***** Records supplied *****
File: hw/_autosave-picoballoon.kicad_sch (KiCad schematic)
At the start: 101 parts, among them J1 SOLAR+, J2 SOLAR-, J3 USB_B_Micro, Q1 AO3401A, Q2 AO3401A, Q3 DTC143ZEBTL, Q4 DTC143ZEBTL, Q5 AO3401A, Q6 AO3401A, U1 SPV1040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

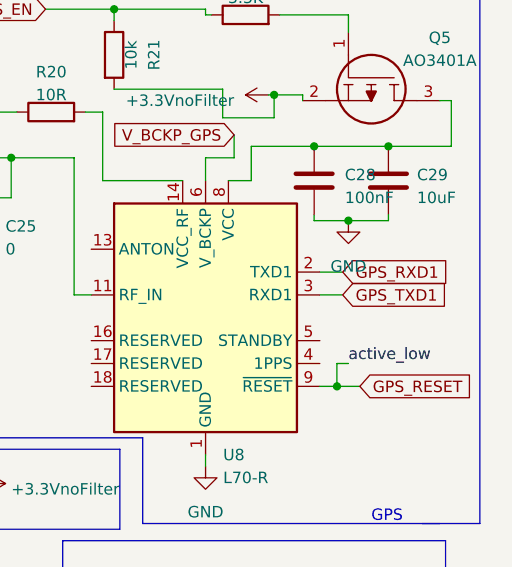
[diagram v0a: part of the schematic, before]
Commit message: Added pinout and fixed wiring GPS TX/RX was wrongly connected. Added conditional compiling for that and fixed schematic only.
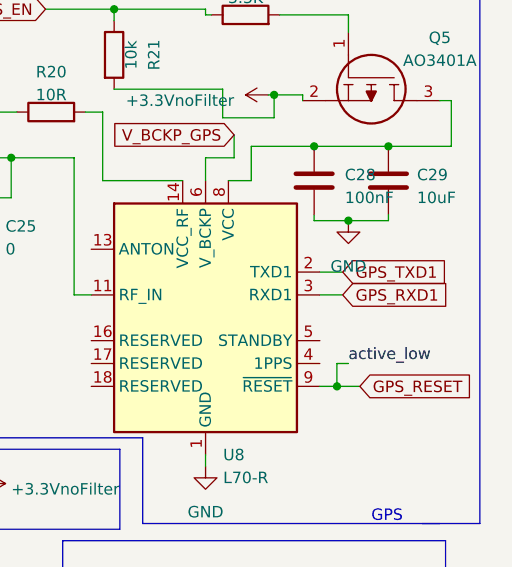
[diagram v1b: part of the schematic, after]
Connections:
- net GPS_RXD1: now also U8.3 (RXD1); no longer U8.2 (TXD1)
- net GPS_TXD1: now also U8.2 (TXD1); no longer U8.3 (RXD1)
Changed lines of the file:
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@@
     )
   )
-  (global_label "GPS_TXD1" (shape input) (at 269.875 47.625 0) (fields_autoplaced)
+  (global_label "GPS_RXD1" (shape input) (at 269.875 47.625 0) (fields_autoplaced)
     (effects (font (size 1.27 1.27)) (justify left))
-    (property "Intersheetrefs" "${INTERSHEET_REFS}" (at 282.1545 47.625 0)
+    (property "Intersheetrefs" "${INTERSHEET_REFS}" (at 282.5363 47.625 0)
       (effects (font (size 1.27 1.27)) (justify left) hide)
     )
@@
     )
   )
-  (global_label "GPS_RXD1" (shape input) (at 269.875 45.085 0) (fields_autoplaced)
+  (global_label "GPS_TXD1" (shape input) (at 269.875 45.085 0) (fields_autoplaced)
     (effects (font (size 1.27 1.27)) (justify left))
-    (property "Intersheetrefs" "${INTERSHEET_REFS}" (at 282.4569 45.085 0)
+    (property "Intersheetrefs" "${INTERSHEET_REFS}" (at 282.2339 45.085 0)
       (effects (font (size 1.27 1.27)) (justify left) hide)
     )
*****
The problem: Make a copy of each line in the records above that has the word "schematic".

Reply:
File: hw/_autosave-picoballoon.kicad_sch (KiCad schematic)
[diagram v0a: part of the schematic, before]
Commit message: Added pinout and fixed wiring GPS TX/RX was wrongly connected. Added conditional compiling for that and fixed schematic only.
[diagram v1b: part of the schematic, after]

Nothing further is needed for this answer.